Precedence vs. Evaluation Order

teaching machines

Precedence vs. Evaluation Order

I’ve been working on a little computer science learning game called Rator Vaders. Complex expressions drop from the sky, and the player has to fire at the highest precedent operator and evaluate it. This process continues until only a literal value is left, which can be sent to the Big Bit Bucket in the Sky with one more shot. The game is meant to give my students an opportunity to playfully engage with data, types, and operators. Now, how would you pick off the expression a + b - c / d? Answer this question before reading on. When I wrote the code to determine the highest-precedent operation in an expression tree, I gave that title to the leftmost-leafmost operation. A two-operand operation gives highest precedence to an operation in its left operand. If the left operand has no operation, then the right operand is given a chance.

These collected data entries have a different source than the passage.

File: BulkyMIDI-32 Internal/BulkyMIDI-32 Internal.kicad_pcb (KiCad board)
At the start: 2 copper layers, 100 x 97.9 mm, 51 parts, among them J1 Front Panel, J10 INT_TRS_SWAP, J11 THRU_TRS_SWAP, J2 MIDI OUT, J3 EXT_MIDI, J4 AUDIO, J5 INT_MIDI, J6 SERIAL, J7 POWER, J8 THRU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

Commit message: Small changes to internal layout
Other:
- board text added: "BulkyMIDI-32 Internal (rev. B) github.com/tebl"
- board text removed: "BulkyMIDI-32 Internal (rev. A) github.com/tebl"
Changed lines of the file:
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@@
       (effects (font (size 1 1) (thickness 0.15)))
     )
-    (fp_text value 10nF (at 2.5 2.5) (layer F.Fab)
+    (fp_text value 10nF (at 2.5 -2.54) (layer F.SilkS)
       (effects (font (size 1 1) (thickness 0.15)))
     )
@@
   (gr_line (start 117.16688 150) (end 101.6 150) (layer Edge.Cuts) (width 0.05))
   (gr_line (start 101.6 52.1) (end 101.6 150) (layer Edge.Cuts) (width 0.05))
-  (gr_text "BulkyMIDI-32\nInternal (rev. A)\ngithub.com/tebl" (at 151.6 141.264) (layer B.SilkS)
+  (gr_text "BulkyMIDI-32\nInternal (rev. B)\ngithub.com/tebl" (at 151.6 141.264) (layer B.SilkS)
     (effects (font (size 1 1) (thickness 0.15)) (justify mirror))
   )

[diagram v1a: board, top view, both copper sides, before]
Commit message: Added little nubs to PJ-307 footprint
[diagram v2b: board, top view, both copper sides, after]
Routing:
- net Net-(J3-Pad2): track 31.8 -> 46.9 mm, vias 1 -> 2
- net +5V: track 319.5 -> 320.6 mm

If it too contains no operation, then the operation itself has the highest precedence:
class BinaryOperation
  ... 
  def highest_precedent
    winner = left.highest_precedent
    if winner.nil?
      winner = right.highest_precedent
      if winner.nil?
        winner = self
      end
    end
    return winner
  end
end
This criteria for precedence seemed a bit too simple when I wrote it—but I shrugged off the doubt. Then a + b - c / d attacked Earth, and I stepped up to defend it. The middle schooler within me shot at the / first, as it has highest precedence. But the leftmost-leafmost operation is +, and that’s what Rator Vaders wanted me to shoot. I realized that my leftmost-leafmost criteria was naive. It is not the same as the precedence rules that we learned in school. However, the evaluation order is not important here. Whichever of + or / happens first, the outcome is the same, as the two subtrees do not depend on each other: I wondered, then, what happens in a real programming language? Will a compiler force the division to happen first? I tried to answer that question without resorting to assembly code or Stack Overflow (because that would be cheating). C++’s operator overloading allowed me to hook into the operations:
#include <iostream>

class Int {
  public:
    Int(int i) :
      i(i) {
    }

    Int operator+(const Int &that) {
      std::cout << "+" << std::endl;
      return Int(i + that.i);
    }

    Int operator-(const Int &that) {
      std::cout << "-" << std::endl;
      return Int(i - that.i);
    }

    Int operator/(const Int &that) {
      std::cout << "/" << std::endl;
      return Int(i / that.i);
    }

  private:
    int i;
};

int main() {
  Int a(1);
  Int b(2);
  Int c(3);
  Int d(4);

  Int answer = a + b - c / d;

  return 0;
}
The output vindicated my leftmost-leafmost criteria:
+
/
-
At the back of my mind, I was thinking about the expression a + b - c / d as an implementer of a programming language would think of it: as a tree structure that can be evaluated with a post-order traversal. Such a traversal will always evaluate the leftmost-leafmost operation first. Once you have a tree structure of an expression, you don’t really care about precedence anymore. Precedence was used to construct the tree in the first place, but it’s not important when it comes time to evaluate the tree. The C# specification even states that the evaluation order is left to right. Apparently the C++ specification leaves execution order open to the compiler writer. So, this has been a big day of for me. I learned that execution order and precedence are different notions. Now I must gracefully inflict that knowledge on my Rator Vaders players, who are closer to grade school than implementing a programming language.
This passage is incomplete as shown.